■ **ACTIVITY**
Go through the records and transcribe them exactly, passing over any picture.

[Records from a data collection]

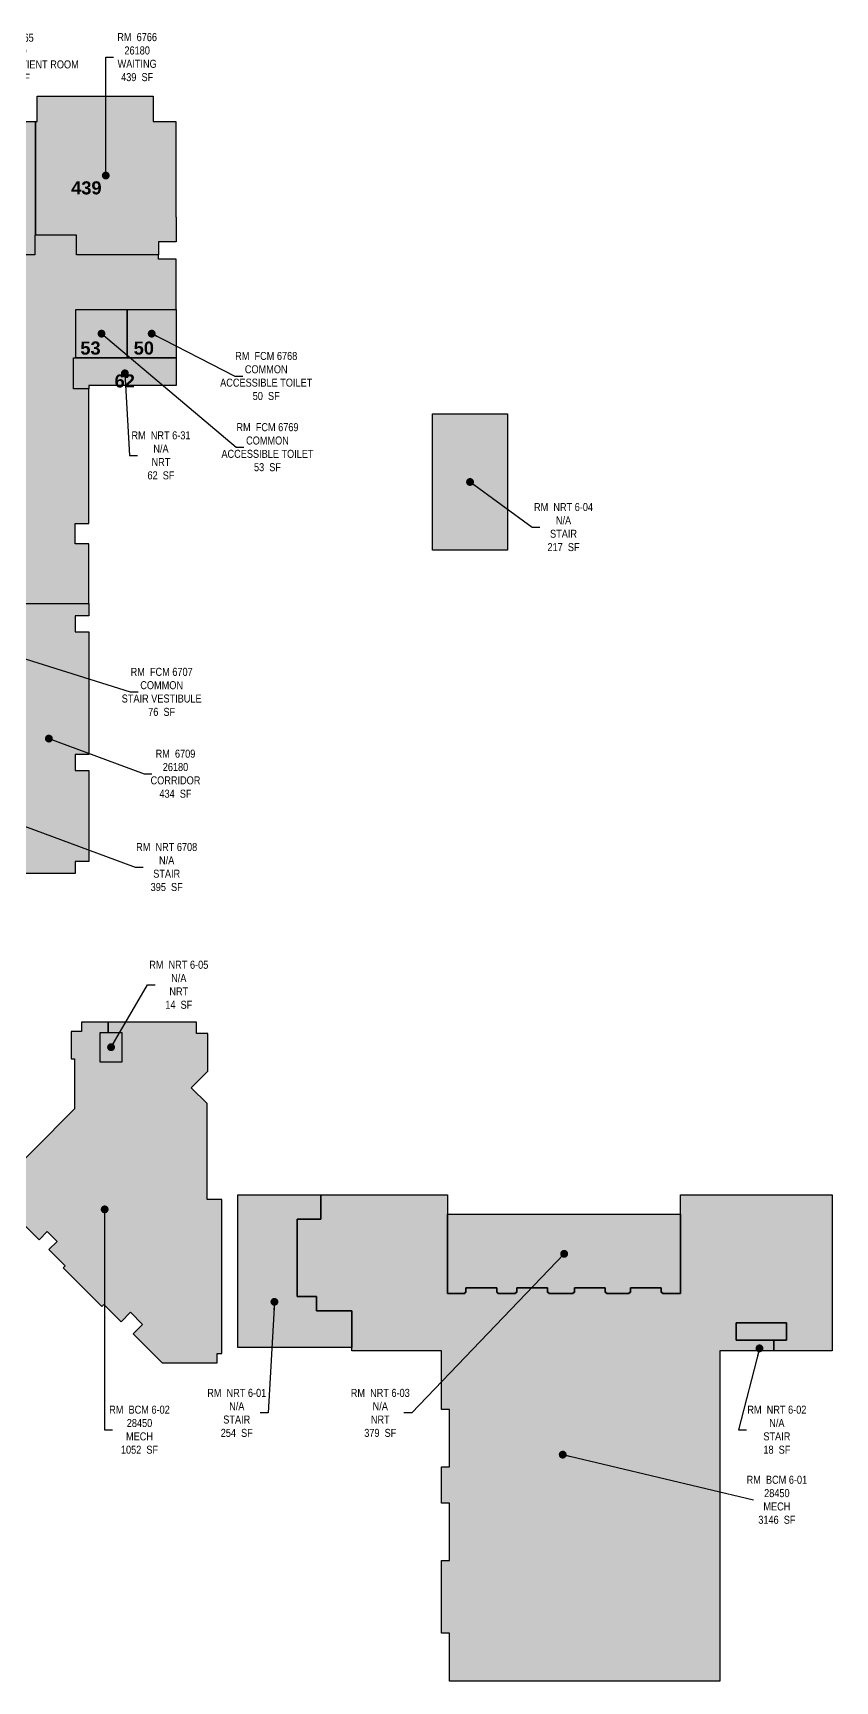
# Model space of a CAD drawing. Header units: inches. Extents: x -415 to 3436, y 1360 to 4575.
# Drawn here: x 2032 to 3436, y 1477 to 4361 of the extents above; entities that cross this region are included whole.
import ezdxf

# ---------------------------------------------------------------- set-up
doc = ezdxf.new("R2010")
doc.units = ezdxf.units.IN
doc.header["$LTSCALE"] = 96
doc.header["$MEASUREMENT"] = 0
doc.layers.get('Defpoints').update_dxf_attribs({"color": 31})
for name, color, linetype in [('0-LABEL', 3, 'Continuous'), ('1-NRT', 200, 'Continuous'), ('1-NRT-PTN', 253, 'Continuous'), ('3-FCM', 190, 'Continuous'), ('3-FCM-PTN', 9, 'Continuous'), ('4-OCC', 6, 'Continuous'), ('4-OCC-PTN', 95, 'Continuous')]:
    doc.layers.add(name, color=color, linetype=linetype)
doc.styles.add('AE-101i$0$Arial_B', font='arialbd.ttf', dxfattribs={"height": 9.132806})
doc.styles.add('ArialN', font='ARIALN.TTF')
doc.dimstyles.new('AB-220', dxfattribs={"dimscale": 220, "dimtxt": 0.070312, "dimasz": 0.0625, "dimexe": 0.0625, "dimexo": 0.125, "dimgap": 0.1875, "dimtad": 0, "dimdec": 4, "dimrnd": 0.0625, "dimzin": 0, "dimdsep": 46, "dimlunit": 4, "dimtxsty": 'ArialN', "dimblk": 'ARCHTICK', "dimcen": 0.0625, "dimclrd": 256, "dimclre": 256, "dimclrt": 256, "dimadec": 0, "dimazin": 0, "dimtfac": 1, "dimtdec": 4, "dimtofl": 0, "dimtmove": 2, "dimatfit": 3, "dimldrblk": 'DOT', "dimfxl": 0, "dimfrac": 2, "dimtolj": 1, "dimtzin": 0, "dimlwd": -1, "dimlwe": -1, "dimarcsym": 0})

# ---------------------------------------------------------------- blocks, each defined once
blk = doc.blocks.new('_ArchTick')
at = {"color": 0, "linetype": 'ByBlock', "const_width": 0.15}
blk.add_lwpolyline([(-0.5, -0.5), (0.5, 0.5)], dxfattribs=at)
blk = doc.blocks.new('_Dot')
at = {"lineweight": -2}
blk.add_line((-0.5, 0), (-1, 0), dxfattribs=at)
at = {"const_width": 0.5}
blk.add_lwpolyline([(-0.25, 0, 1), (0.25, 0, 1)], format="xyb", close=True, dxfattribs=at)

msp = doc.modelspace()

# ---------------------------------------------------------------- hatches: boundary and pattern name
at = {"layer": '1-NRT-PTN'}
h = msp.add_hatch(color=256, dxfattribs=at)
h.dxf.hatch_style = 1
h.paths.add_polyline_path([(2282.5, 3792.6), (2282.5, 3743.8), (2129.7, 3743.8), (2129.7, 3737.8), (2102.8, 3737.8), (2102.8, 3792.6)])
for points in [[(2731.5, 3694.6), (2862.5, 3694.6), (2862.5, 3455.6), (2731.5, 3455.6)], [(2149.4, 2612.1), (2187.4, 2612.1), (2187.4, 2560.1), (2149.4, 2560.1)], [(2390.3, 2328.1), (2482.3, 2328.1), (2535.8, 2328.1), (2535.8, 2285.1), (2494.3, 2285.1), (2494.3, 2150.1), (2528.3, 2150.1), (2528.3, 2125.1), (2589.8, 2125.1), (2589.8, 2060.6), (2390.3, 2060.6)], [(2757.8, 2294.1), (3165.8, 2294.1), (3165.8, 2155.1), (3133.8, 2155.1), (3133.8, 2157.1), (3131.8, 2157.1), (3131.8, 2165.1), (3077.8, 2165.1), (3077.8, 2157.1), (3075.8, 2157.1), (3075.8, 2155.1), (3035.8, 2155.1), (3035.8, 2157.1), (3033.8, 2157.1), (3033.8, 2165.1), (2979.8, 2165.1), (2979.8, 2157.1), (2977.8, 2157.1), (2977.8, 2155.1), (2934.8, 2155.1), (2934.8, 2157.1), (2932.8, 2157.1), (2932.8, 2165.1), (2878.8, 2165.1), (2878.8, 2157.1), (2876.8, 2157.1), (2876.8, 2155.1), (2845.8, 2155.1), (2845.8, 2157.1), (2843.8, 2157.1), (2843.8, 2165.1), (2789.8, 2165.1), (2789.8, 2157.1), (2787.8, 2157.1), (2787.8, 2155.1), (2757.8, 2155.1)], [(3263.3, 2103.6), (3351.3, 2103.6), (3351.3, 2073.6), (3263.3, 2073.6)]]:
    msp.add_hatch(color=256, dxfattribs=at).paths.add_polyline_path(points)
at = {"layer": '3-FCM-PTN'}
h = msp.add_hatch(color=256, dxfattribs=at)
h.dxf.hatch_style = 1
edge = h.paths.add_edge_path()
edge.add_arc((865.4, 3662.1), 265.3, 346.8175, 355.9138)
edge.add_line((1130, 3643.2), (1130, 3643.2))
edge.add_line((1130, 3643.2), (1129.1, 3643.3))
edge.add_line((1129.1, 3643.3), (1129.1, 3690.8))
edge.add_line((1129.1, 3690.8), (1130, 3690.9))
edge.add_arc((844.3, 3669.4), 286.5, 4.3007, 15.1537)
edge.add_arc((830.6, 3667.1), 300.4, 14.9027, 16.1646)
edge.add_line((1119.1, 3750.7), (1119.1, 3840))
edge.add_line((1119.1, 3840), (1143.2, 3840))
edge.add_line((1143.2, 3840), (1143.2, 3859.8))
edge.add_line((1143.2, 3859.8), (1223.1, 3859.8))
edge.add_line((1223.1, 3859.8), (1223.1, 3867.1))
edge.add_line((1223.1, 3867.1), (1332.1, 3867.1))
edge.add_line((1332.1, 3867.1), (1332.1, 3862.2))
edge.add_line((1332.1, 3862.2), (1421.3, 3862.2))
edge.add_line((1421.3, 3862.2), (1421.3, 3861))
edge.add_line((1421.3, 3861), (1499.8, 3861))
edge.add_line((1499.8, 3861), (1499.8, 3828))
edge.add_line((1499.8, 3828), (1573.7, 3828))
edge.add_line((1573.7, 3828), (1573.7, 3816.1))
edge.add_line((1573.7, 3816.1), (1681.2, 3816.1))
edge.add_line((1681.2, 3816.1), (1681.2, 3867.1))
edge.add_line((1681.2, 3867.1), (1997.6, 3867.1))
edge.add_line((1997.6, 3867.1), (1997.6, 3467.1))
edge.add_line((1997.6, 3467.1), (1817.8, 3467.1))
edge.add_line((1817.8, 3467.1), (1817.8, 3359.6))
edge.add_line((1817.8, 3359.6), (1864.8, 3359.6))
edge.add_line((1864.8, 3359.6), (1864.8, 3364))
edge.add_line((1864.8, 3364), (1950.6, 3364))
edge.add_line((1950.6, 3364), (1950.6, 3367.1))
edge.add_line((1950.6, 3367.1), (1997.6, 3367.1))
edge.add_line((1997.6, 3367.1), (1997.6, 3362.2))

■ **EXERCISE RESPONSE**
# Model space of a CAD drawing. Header units: inches. Extents: x -415 to 3436, y 1360 to 4575.
# Drawn here: x 2032 to 3436, y 1477 to 4361 of the extents above; entities that cross this region are included whole.
import ezdxf

# ---------------------------------------------------------------- set-up
doc = ezdxf.new("R2010")
doc.units = ezdxf.units.IN
doc.header["$LTSCALE"] = 96
doc.header["$MEASUREMENT"] = 0
doc.layers.get('Defpoints').update_dxf_attribs({"color": 31})
for name, color, linetype in [('0-LABEL', 3, 'Continuous'), ('1-NRT', 200, 'Continuous'), ('1-NRT-PTN', 253, 'Continuous'), ('3-FCM', 190, 'Continuous'), ('3-FCM-PTN', 9, 'Continuous'), ('4-OCC', 6, 'Continuous'), ('4-OCC-PTN', 95, 'Continuous')]:
    doc.layers.add(name, color=color, linetype=linetype)
doc.styles.add('AE-101i$0$Arial_B', font='arialbd.ttf', dxfattribs={"height": 9.132806})
doc.styles.add('ArialN', font='ARIALN.TTF')
doc.dimstyles.new('AB-220', dxfattribs={"dimscale": 220, "dimtxt": 0.070312, "dimasz": 0.0625, "dimexe": 0.0625, "dimexo": 0.125, "dimgap": 0.1875, "dimtad": 0, "dimdec": 4, "dimrnd": 0.0625, "dimzin": 0, "dimdsep": 46, "dimlunit": 4, "dimtxsty": 'ArialN', "dimblk": 'ARCHTICK', "dimcen": 0.0625, "dimclrd": 256, "dimclre": 256, "dimclrt": 256, "dimadec": 0, "dimazin": 0, "dimtfac": 1, "dimtdec": 4, "dimtofl": 0, "dimtmove": 2, "dimatfit": 3, "dimldrblk": 'DOT', "dimfxl": 0, "dimfrac": 2, "dimtolj": 1, "dimtzin": 0, "dimlwd": -1, "dimlwe": -1, "dimarcsym": 0})

# ---------------------------------------------------------------- blocks, each defined once
blk = doc.blocks.new('_ArchTick')
at = {"color": 0, "linetype": 'ByBlock', "const_width": 0.15}
blk.add_lwpolyline([(-0.5, -0.5), (0.5, 0.5)], dxfattribs=at)
blk = doc.blocks.new('_Dot')
at = {"lineweight": -2}
blk.add_line((-0.5, 0), (-1, 0), dxfattribs=at)
at = {"const_width": 0.5}
blk.add_lwpolyline([(-0.25, 0, 1), (0.25, 0, 1)], format="xyb", close=True, dxfattribs=at)

msp = doc.modelspace()

# ---------------------------------------------------------------- hatches: boundary and pattern name
at = {"layer": '1-NRT-PTN'}
h = msp.add_hatch(color=256, dxfattribs=at)
h.dxf.hatch_style = 1
h.paths.add_polyline_path([(2282.5, 3792.6), (2282.5, 3743.8), (2129.7, 3743.8), (2129.7, 3737.8), (2102.8, 3737.8), (2102.8, 3792.6)])
for points in [[(2731.5, 3694.6), (2862.5, 3694.6), (2862.5, 3455.6), (2731.5, 3455.6)], [(2149.4, 2612.1), (2187.4, 2612.1), (2187.4, 2560.1), (2149.4, 2560.1)], [(2390.3, 2328.1), (2482.3, 2328.1), (2535.8, 2328.1), (2535.8, 2285.1), (2494.3, 2285.1), (2494.3, 2150.1), (2528.3, 2150.1), (2528.3, 2125.1), (2589.8, 2125.1), (2589.8, 2060.6), (2390.3, 2060.6)], [(2757.8, 2294.1), (3165.8, 2294.1), (3165.8, 2155.1), (3133.8, 2155.1), (3133.8, 2157.1), (3131.8, 2157.1), (3131.8, 2165.1), (3077.8, 2165.1), (3077.8, 2157.1), (3075.8, 2157.1), (3075.8, 2155.1), (3035.8, 2155.1), (3035.8, 2157.1), (3033.8, 2157.1), (3033.8, 2165.1), (2979.8, 2165.1), (2979.8, 2157.1), (2977.8, 2157.1), (2977.8, 2155.1), (2934.8, 2155.1), (2934.8, 2157.1), (2932.8, 2157.1), (2932.8, 2165.1), (2878.8, 2165.1), (2878.8, 2157.1), (2876.8, 2157.1), (2876.8, 2155.1), (2845.8, 2155.1), (2845.8, 2157.1), (2843.8, 2157.1), (2843.8, 2165.1), (2789.8, 2165.1), (2789.8, 2157.1), (2787.8, 2157.1), (2787.8, 2155.1), (2757.8, 2155.1)], [(3263.3, 2103.6), (3351.3, 2103.6), (3351.3, 2073.6), (3263.3, 2073.6)]]:
    msp.add_hatch(color=256, dxfattribs=at).paths.add_polyline_path(points)
at = {"layer": '3-FCM-PTN'}
h = msp.add_hatch(color=256, dxfattribs=at)
h.dxf.hatch_style = 1
edge = h.paths.add_edge_path()
edge.add_arc((865.4, 3662.1), 265.3, 346.8175, 355.9138)
edge.add_line((1130, 3643.2), (1130, 3643.2))
edge.add_line((1130, 3643.2), (1129.1, 3643.3))
edge.add_line((1129.1, 3643.3), (1129.1, 3690.8))
edge.add_line((1129.1, 3690.8), (1130, 3690.9))
edge.add_arc((844.3, 3669.4), 286.5, 4.3007, 15.1537)
edge.add_arc((830.6, 3667.1), 300.4, 14.9027, 16.1646)
edge.add_line((1119.1, 3750.7), (1119.1, 3840))
edge.add_line((1119.1, 3840), (1143.2, 3840))
edge.add_line((1143.2, 3840), (1143.2, 3859.8))
edge.add_line((1143.2, 3859.8), (1223.1, 3859.8))
edge.add_line((1223.1, 3859.8), (1223.1, 3867.1))
edge.add_line((1223.1, 3867.1), (1332.1, 3867.1))
edge.add_line((1332.1, 3867.1), (1332.1, 3862.2))
edge.add_line((1332.1, 3862.2), (1421.3, 3862.2))
edge.add_line((1421.3, 3862.2), (1421.3, 3861))
edge.add_line((1421.3, 3861), (1499.8, 3861))
edge.add_line((1499.8, 3861), (1499.8, 3828))
edge.add_line((1499.8, 3828), (1573.7, 3828))
edge.add_line((1573.7, 3828), (1573.7, 3816.1))
edge.add_line((1573.7, 3816.1), (1681.2, 3816.1))
edge.add_line((1681.2, 3816.1), (1681.2, 3867.1))
edge.add_line((1681.2, 3867.1), (1997.6, 3867.1))
edge.add_line((1997.6, 3867.1), (1997.6, 3467.1))
edge.add_line((1997.6, 3467.1), (1817.8, 3467.1))
edge.add_line((1817.8, 3467.1), (1817.8, 3359.6))
edge.add_line((1817.8, 3359.6), (1864.8, 3359.6))
edge.add_line((1864.8, 3359.6), (1864.8, 3364))
edge.add_line((1864.8, 3364), (1950.6, 3364))
edge.add_line((1950.6, 3364), (1950.6, 3367.1))
edge.add_line((1950.6, 3367.1), (1997.6, 3367.1))
edge.add_line((1997.6, 3367.1), (1997.6, 3362.2))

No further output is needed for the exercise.